In [5]:
# This section prints out the runtime configuration.
# Please don't edit this code block and keep this in your code.
# When submitting your notebook, please ensure this block is executed as well
# Please ignore all error messages in this block.
# For course work 1, please only use CPU for calculation. You can change it to CPU only by selecting:
# Runtime -> Change runtime type -> Hardware accelerator: None (or select GPU/TPU as required).
!cat /proc/cpuinfo | grep "model name" | uniq
!nvidia-smi

model name	: Intel(R) Xeon(R) CPU @ 2.20GHz
/bin/bash: line 1: nvidia-smi: command not found


In [6]:
from sklearn.feature_extraction.text import TfidfVectorizer
from sklearn.metrics.pairwise import cosine_similarity
import re
import pandas as pd
import numpy as np
import nltk
from nltk.stem import WordNetLemmatizer
from nltk.tokenize import word_tokenize
from nltk.corpus import stopwords
from sklearn.feature_extraction.text import TfidfVectorizer

In [7]:
nltk.download('stopwords')
nltk.download('punkt')
nltk.download('wordnet')

[nltk_data] Downloading package stopwords to /root/nltk_data...
[nltk_data]   Package stopwords is already up-to-date!
[nltk_data] Downloading package punkt to /root/nltk_data...
[nltk_data]   Package punkt is already up-to-date!
[nltk_data] Downloading package wordnet to /root/nltk_data...
[nltk_data]   Package wordnet is already up-to-date!


True

In [25]:
with open('./data/WikiText-103.txt', 'r') as file:
  corpus = file.read()

# Regex pattern to split the corpus
pattern = r'(?<!\=)\= [^\=]+ \= (?!\=)'
articles = re.split(pattern, corpus)

In [9]:
# Defining a fucntion to clean the text
def clean_text(text):
  # Convert to lower case
  text = text.lower()

  # Remove punctuation
  text = re.sub(r'[^\w\s]', '', text)

  # Remove numbers
  text = re.sub(r'\d+', '', text)

  # Remove newline characters
  text = re.sub('\n', '', text)

  # Remove square brackets
  text = re.sub('\[.*?\]', '', text)

  # Remove HTML tags
  text = re.sub('https?://\S+|www\.\S+', '', text)

  # Remove urls
  text = re.sub('<.*?>+', '', text)

  # Tokenization
  tokens = word_tokenize(text)

  text = ' '.join(tokens)

  return text

In [10]:
# Clean the article
articles = [clean_text(article) for article in articles]
len(articles)

10728

In [11]:
# Define the stop words list
stop_words = stopwords.words("english")

# Using TFIDF to get the vectorizer
tfidf_vectorizer = TfidfVectorizer(analyzer="word", stop_words=stop_words, sublinear_tf=True, ngram_range=(1, 3), min_df=5, max_df=0.3)
features = tfidf_vectorizer.fit_transform(articles)

# Size of vocabulary
print("Size of vocabulary:" , len(tfidf_vectorizer.get_feature_names_out()))

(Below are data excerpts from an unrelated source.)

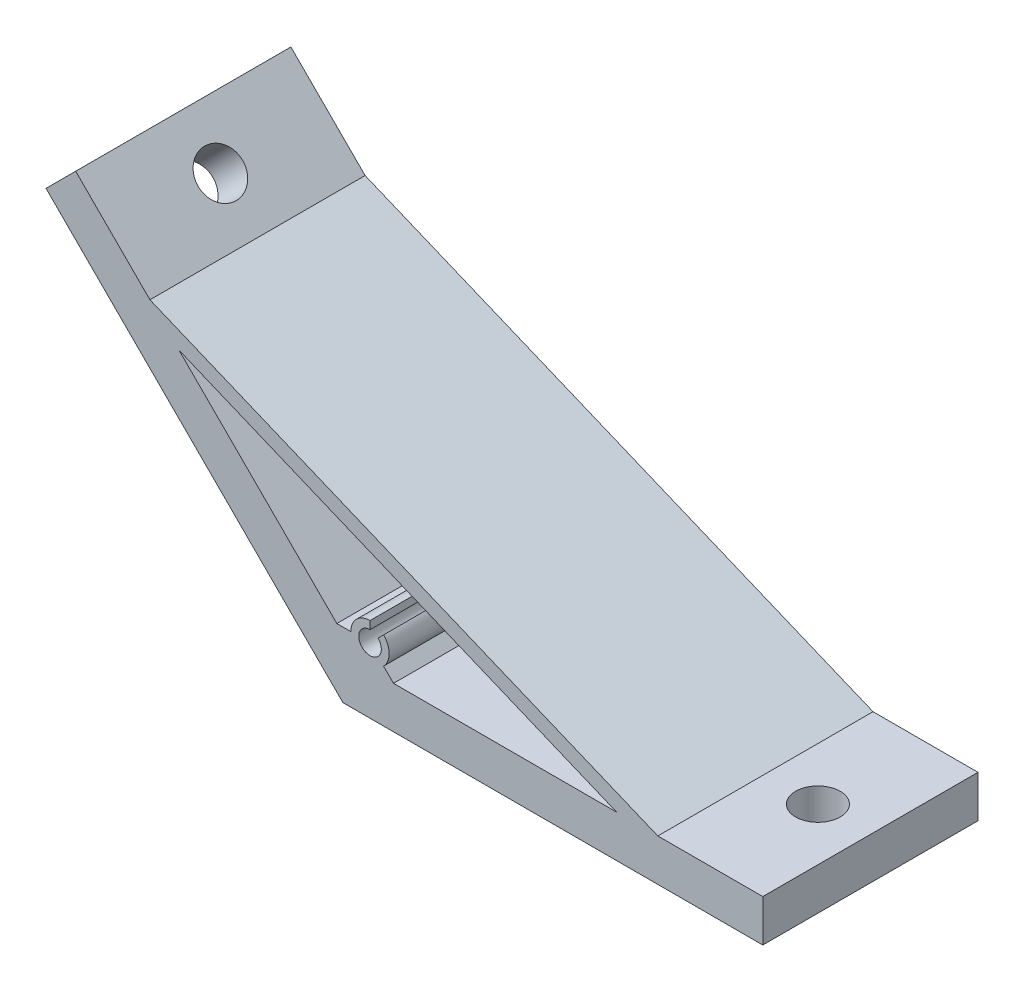
ISO-10303-21;
HEADER;
FILE_DESCRIPTION(('STEP AP214'),'2;1');
FILE_NAME('part.step','',(''),(''),'','','');
FILE_SCHEMA(('AUTOMOTIVE_DESIGN { 1 0 10303 214 1 1 1 1 }'));
ENDSEC;
DATA;
#1=APPLICATION_CONTEXT('core data for automotive mechanical design processes');
#2=APPLICATION_PROTOCOL_DEFINITION('international standard','automotive_design',2000,#1);
#3=PRODUCT_CONTEXT('',#1,'mechanical');
#4=PRODUCT('Part','Part','',(#3));
#5=PRODUCT_RELATED_PRODUCT_CATEGORY('part','',(#4));
#6=PRODUCT_DEFINITION_FORMATION('','',#4);
#7=PRODUCT_DEFINITION_CONTEXT('part definition',#1,'design');
#8=PRODUCT_DEFINITION('design','',#6,#7);
#9=PRODUCT_DEFINITION_SHAPE('','',#8);
#10=(LENGTH_UNIT() NAMED_UNIT(*) SI_UNIT(.MILLI.,.METRE.));
#11=(NAMED_UNIT(*) PLANE_ANGLE_UNIT() SI_UNIT($,.RADIAN.));
#12=(NAMED_UNIT(*) SI_UNIT($,.STERADIAN.) SOLID_ANGLE_UNIT());
#13=UNCERTAINTY_MEASURE_WITH_UNIT(LENGTH_MEASURE(1.E-05),#10,'distance_accuracy_value','');
#14=(GEOMETRIC_REPRESENTATION_CONTEXT(3) GLOBAL_UNCERTAINTY_ASSIGNED_CONTEXT((#13)) GLOBAL_UNIT_ASSIGNED_CONTEXT((#10,
#11,#12)) REPRESENTATION_CONTEXT('',''));
#15=CARTESIAN_POINT('',(0.,0.,0.));
#16=DIRECTION('',(0.,0.,1.));
#17=DIRECTION('',(1.,0.,0.));
#18=AXIS2_PLACEMENT_3D('',#15,#16,#17);
#19=CARTESIAN_POINT('',(-36.7695526216999,48.0832611206847,20.5));
#20=DIRECTION('',(-0.707106781186536,-0.707106781186559,0.));
#21=DIRECTION('',(0.707106781186559,-0.707106781186536,0.));
#22=AXIS2_PLACEMENT_3D('',#19,#20,#21);
#23=PLANE('',#22);
#24=DIRECTION('',(-0.707106781186559,0.707106781186536,0.));
#25=VECTOR('',#24,1.);
#26=CARTESIAN_POINT('',(-36.7695526216999,48.0832611206847,-20.5));
#27=LINE('',#26,#25);
#28=CARTESIAN_POINT('',(-36.7695526216999,48.0832611206847,-20.5));
#29=VERTEX_POINT('',#28);
#30=CARTESIAN_POINT('',(-50.9116882454318,62.2253967444162,-20.5));
#31=VERTEX_POINT('',#30);
#32=EDGE_CURVE('E259',#29,#31,#27,.T.);
#33=ORIENTED_EDGE('',*,*,#32,.T.);
#34=DIRECTION('',(0.,0.,-1.));
#35=VECTOR('',#34,1.);
#36=CARTESIAN_POINT('',(-50.9116882454318,62.2253967444162,20.5));
#37=LINE('',#36,#35);
#38=CARTESIAN_POINT('',(-50.9116882454318,62.2253967444162,20.5));
#39=VERTEX_POINT('',#38);
#40=EDGE_CURVE('E274',#39,#31,#37,.T.);
#41=ORIENTED_EDGE('',*,*,#40,.F.);
#42=DIRECTION('',(-0.707106781186559,0.707106781186536,0.));
#43=VECTOR('',#42,1.);
#44=CARTESIAN_POINT('',(-36.7695526216999,48.0832611206847,20.5));
#45=LINE('',#44,#43);
#46=CARTESIAN_POINT('',(-36.7695526216999,48.0832611206847,20.5));
#47=VERTEX_POINT('',#46);
#48=EDGE_CURVE('E244',#47,#39,#45,.T.);
#49=ORIENTED_EDGE('',*,*,#48,.F.);
#50=DIRECTION('',(0.,0.,-1.));
#51=VECTOR('',#50,1.);
#52=CARTESIAN_POINT('',(-36.7695526216999,48.0832611206847,20.5));
#53=LINE('',#52,#51);
#54=EDGE_CURVE('E277',#47,#29,#53,.T.);
#55=ORIENTED_EDGE('',*,*,#54,.T.);
#56=EDGE_LOOP('',(#33,#41,#49,#55));
#57=FACE_BOUND('',#56,.T.);
#58=CARTESIAN_POINT('',(-43.840620433566,55.1543289325507,0.));
#59=DIRECTION('',(-0.707106781186552,-0.707106781186543,0.));
#60=DIRECTION('',(0.707106781186543,-0.707106781186552,0.));
#61=AXIS2_PLACEMENT_3D('',#58,#59,#60);
#62=CIRCLE('',#61,4.25000000000001);
#63=CARTESIAN_POINT('',(-40.8354166135232,52.1491251125078,0.));
#64=VERTEX_POINT('',#63);
#65=EDGE_CURVE('E324',#64,#64,#62,.T.);
#66=ORIENTED_EDGE('',*,*,#65,.T.);
#67=EDGE_LOOP('',(#66));
#68=FACE_BOUND('',#67,.T.);
#69=ADVANCED_FACE('F34',(#57,#68),#23,.F.);
#70=CARTESIAN_POINT('',(0.,0.,20.5));
#71=DIRECTION('',(0.707106781186545,0.707106781186551,0.));
#72=DIRECTION('',(-0.70710678118655,0.707106781186545,0.));
#73=AXIS2_PLACEMENT_3D('',#70,#71,#72);
#74=PLANE('',#73);
#75=DIRECTION('',(0.70710678118655,-0.707106781186545,0.));
#76=VECTOR('',#75,1.);
#77=CARTESIAN_POINT('',(0.,0.,-20.5));
#78=LINE('',#77,#76);
#79=CARTESIAN_POINT('',(-56.5685424949243,56.5685424949238,-20.5));
#80=VERTEX_POINT('',#79);
#81=CARTESIAN_POINT('',(0.,0.,-20.5));
#82=VERTEX_POINT('',#81);
#83=EDGE_CURVE('E263',#80,#82,#78,.T.);
#84=ORIENTED_EDGE('',*,*,#83,.T.);
#85=DIRECTION('',(0.,0.,-1.));
#86=VECTOR('',#85,1.);
#87=CARTESIAN_POINT('',(0.,0.,20.5));
#88=LINE('',#87,#86);
#89=CARTESIAN_POINT('',(0.,0.,20.5));
#90=VERTEX_POINT('',#89);
#91=EDGE_CURVE('E268',#90,#82,#88,.T.);
#92=ORIENTED_EDGE('',*,*,#91,.F.);
#93=DIRECTION('',(0.70710678118655,-0.707106781186545,0.));
#94=VECTOR('',#93,1.);
#95=CARTESIAN_POINT('',(0.,0.,20.5));
#96=LINE('',#95,#94);
#97=CARTESIAN_POINT('',(-56.5685424949243,56.5685424949238,20.5));
#98=VERTEX_POINT('',#97);
#99=EDGE_CURVE('E248',#98,#90,#96,.T.);
#100=ORIENTED_EDGE('',*,*,#99,.F.);
#101=DIRECTION('',(0.,0.,-1.));
#102=VECTOR('',#101,1.);
#103=CARTESIAN_POINT('',(-56.5685424949243,56.5685424949238,20.5));
#104=LINE('',#103,#102);
#105=EDGE_CURVE('E271',#98,#80,#104,.T.);
#106=ORIENTED_EDGE('',*,*,#105,.T.);
#107=EDGE_LOOP('',(#84,#92,#100,#106));
#108=FACE_BOUND('',#107,.T.);
#109=CARTESIAN_POINT('',(-49.4974746830586,49.4974746830582,0.));
#110=DIRECTION('',(0.707106781186545,0.707106781186551,0.));
#111=DIRECTION('',(-0.70710678118655,0.707106781186545,0.));
#112=AXIS2_PLACEMENT_3D('',#109,#110,#111);
#113=CIRCLE('',#112,4.25000000000001);
#114=CARTESIAN_POINT('',(-52.5026785031014,52.502678503101,0.));
#115=VERTEX_POINT('',#114);
#116=EDGE_CURVE('E38',#115,#115,#113,.F.);
#117=ORIENTED_EDGE('',*,*,#116,.F.);
#118=EDGE_LOOP('',(#117));
#119=FACE_BOUND('',#118,.T.);
#120=ADVANCED_FACE('F316',(#108,#119),#74,.F.);
#121=CARTESIAN_POINT('',(0.,0.,20.5));
#122=DIRECTION('',(0.,0.,-1.));
#123=DIRECTION('',(-1.,0.,0.));
#124=AXIS2_PLACEMENT_3D('',#121,#122,#123);
#125=PLANE('',#124);
#126=DIRECTION('',(0.,1.,0.));
#127=VECTOR('',#126,1.);
#128=CARTESIAN_POINT('',(80.,8.,20.5));
#129=LINE('',#128,#127);
#130=CARTESIAN_POINT('',(80.,0.,20.5));
#131=VERTEX_POINT('',#130);
#132=CARTESIAN_POINT('',(80.,8.,20.5));
#133=VERTEX_POINT('',#132);
#134=EDGE_CURVE('E236',#131,#133,#129,.T.);
#135=ORIENTED_EDGE('',*,*,#134,.T.);
#136=DIRECTION('',(-1.,0.,0.));
#137=VECTOR('',#136,1.);
#138=CARTESIAN_POINT('',(80.,8.,20.5));
#139=LINE('',#138,#137);
#140=CARTESIAN_POINT('',(59.9999999999991,7.99999999999989,20.5));
#141=VERTEX_POINT('',#140);
#142=EDGE_CURVE('E239',#133,#141,#139,.T.);
#143=ORIENTED_EDGE('',*,*,#142,.T.);
#144=DIRECTION('',(-0.923879532511286,0.382683432365092,0.));
#145=VECTOR('',#144,1.);
#146=CARTESIAN_POINT('',(-36.7695526216999,48.0832611206847,20.5));
#147=LINE('',#146,#145);
#148=EDGE_CURVE('E242',#141,#47,#147,.T.);
#149=ORIENTED_EDGE('',*,*,#148,.T.);
#150=ORIENTED_EDGE('',*,*,#48,.T.);
#151=DIRECTION('',(-0.707106781186548,-0.707106781186548,0.));
#152=VECTOR('',#151,1.);
#153=CARTESIAN_POINT('',(-50.9116882454318,62.2253967444162,20.5));
#154=LINE('',#153,#152);
#155=EDGE_CURVE('E246',#39,#98,#154,.T.);
#156=ORIENTED_EDGE('',*,*,#155,.T.);
#157=ORIENTED_EDGE('',*,*,#99,.T.);
#158=DIRECTION('',(1.,0.,0.));
#159=VECTOR('',#158,1.);
#160=CARTESIAN_POINT('',(80.,0.,20.5));
#161=LINE('',#160,#159);
#162=EDGE_CURVE('E250',#90,#131,#161,.T.);
#163=ORIENTED_EDGE('',*,*,#162,.T.);
#164=EDGE_LOOP('',(#135,#143,#149,#150,#156,#157,#163));
#165=FACE_BOUND('',#164,.T.);
#166=DIRECTION('',(-0.92387953251129,0.382683432365082,0.));
#167=VECTOR('',#166,1.);
#168=CARTESIAN_POINT('',(-31.2262754266308,42.5399839256161,20.5));
#169=LINE('',#168,#167);
#170=CARTESIAN_POINT('',(52.1606222107425,7.99999999999989,20.5));
#171=VERTEX_POINT('',#170);
#172=CARTESIAN_POINT('',(-31.2262754266308,42.5399839256161,20.5));
#173=VERTEX_POINT('',#172);
#174=EDGE_CURVE('E154',#171,#173,#169,.T.);
#175=ORIENTED_EDGE('',*,*,#174,.F.);
#176=DIRECTION('',(1.,0.,0.));
#177=VECTOR('',#176,1.);
#178=CARTESIAN_POINT('',(52.1606222107425,7.99999999999989,20.5));
#179=LINE('',#178,#177);
#180=CARTESIAN_POINT('',(9.63860002583124,8.,20.5));
#181=VERTEX_POINT('',#180);
#182=EDGE_CURVE('E193',#181,#171,#179,.T.);
#183=ORIENTED_EDGE('',*,*,#182,.F.);
#184=DIRECTION('',(0.70710678118647,-0.707106781186625,0.));
#185=VECTOR('',#184,1.);
#186=CARTESIAN_POINT('',(9.63860002583124,8.,20.5));
#187=LINE('',#186,#185);
#188=CARTESIAN_POINT('',(7.74716608826006,9.89143393757159,20.5));
#189=VERTEX_POINT('',#188);
#190=EDGE_CURVE('E191',#189,#181,#187,.T.);
#191=ORIENTED_EDGE('',*,*,#190,.F.);
#192=CARTESIAN_POINT('',(5.16622633692896,12.4723736889023,20.5));
#193=DIRECTION('',(0.,0.,-1.));
#194=DIRECTION('',(1.,0.,0.));
#195=AXIS2_PLACEMENT_3D('',#192,#193,#194);
#196=CIRCLE('',#195,3.65);
#197=CARTESIAN_POINT('',(7.74716608826007,15.053313440233,20.5));
#198=VERTEX_POINT('',#197);
#199=EDGE_CURVE('E189',#198,#189,#196,.T.);
#200=ORIENTED_EDGE('',*,*,#199,.F.);
#201=DIRECTION('',(0.707106781186523,0.707106781186572,0.));
#202=VECTOR('',#201,1.);
#203=CARTESIAN_POINT('',(6.68650591648028,13.9926532684531,20.5));
#204=LINE('',#203,#202);
#205=CARTESIAN_POINT('',(6.68650591648028,13.9926532684531,20.5));
#206=VERTEX_POINT('',#205);
#207=EDGE_CURVE('E187',#206,#198,#204,.T.);
#208=ORIENTED_EDGE('',*,*,#207,.F.);
#209=CARTESIAN_POINT('',(5.16622633692896,12.4723736889023,20.5));
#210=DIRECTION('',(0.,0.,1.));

# Dimensions of feature matrix
print("Dimensions of feature matrix:" , features.shape)

Size of vocabulary: 428434
Dimensions of feature matrix: (10728, 428434)


In [12]:
# Function to retrieve the vector representation of a token
def get_vector(token):
  # If the token is in the vocabulary, return its vector
  if token in tfidf_vectorizer.vocabulary_:
    index = tfidf_vectorizer.vocabulary_[token]
    return features[:, index].toarray()
  # Handling Out-of-Vocabulary (OOV) words by returning None
  else:
    return None

In [13]:
# Function to calculate the cosine similarity matrix between two lists of tokens
def calculate_similarity_matrix(tokens_1, tokens_2):
  similarities = []
  for token1 in tokens_1:
    for token2 in tokens_2:
      # Retrieve vectors for each pair of tokens
      vector1 = get_vector(token1)
      vector2 = get_vector(token2)

      # Handling OOV words by assigning a similarity of 0.5
      if vector1 is None or vector2 is None:
        similarities.append(0.5)
      else:
        # Reshape the vectors for cosine similarity calculation
        vector1 = vector1.reshape(1, -1)
        vector2 = vector2.reshape(1, -1)

        # Calculate cosine similarity and extract the scalar value from the matrix
        cosine_similarity_matrix_value = cosine_similarity(vector1, vector2)[0, 0]

        similarities.append(cosine_similarity_matrix_value)

  return similarities

In [14]:
# Function to get the consine similarity matrix between two terms
def get_cosine_similarity(term_1, term_2):
  # Check if either of the term contains spaces, indicating multi-word phrases
  if (' ' in term_1 or ' ' in term_2):
      # Calculate the similarity for every pair of words in term_1 and term_2
      term_1_tokens = term_1.split()
      term_2_tokens = term_2.split()

      similarities = calculate_similarity_matrix(term_1_tokens, term_2_tokens)

      # All tokens are OOV, handling by returning a default similarity of 0.5
      if not similarities:
        return 0.5

      # Return the average similarity for multi-word phrases
      return np.mean(similarities)

  else:
    # Calculate similarity between single words
    vector1 = get_vector(term_1)
    vector2 = get_vector(term_2)

    # Handling OOV words by returning a default similarity of 0.5
    if vector1 is None or vector2 is None:
      return 0.5

    # Reshape the vectors for cosine similarity calculation
    vector1 = vector1.reshape(1, -1)
    vector2 = vector2.reshape(1, -1)

    # Calculate cosine similarity and extract the scalar value from the matrix
    cosine_similarity_matrix_value = cosine_similarity(vector1, vector2)[0, 0]

    # Return the similarity between single words
    return cosine_similarity_matrix_value

In [23]:
# Load the CSV file into a DataFrame
validation_df = pd.read_csv("./data/CW-1-testdata.csv", header=None)

validation_df.columns = ["id","term1", "term2"]

# Clean the input values
validation_df[["term1", "term2"]] = validation_df[["term1", "term2"]].map(clean_text)

# Produce the output
validation_df["cosine_similarity"] = validation_df.apply(lambda x: get_cosine_similarity(x["term1"], x["term2"]), axis=1)

# Create a .csv file
validation_df.to_csv("./data/10927437_task1_results.csv", header=False, index=False)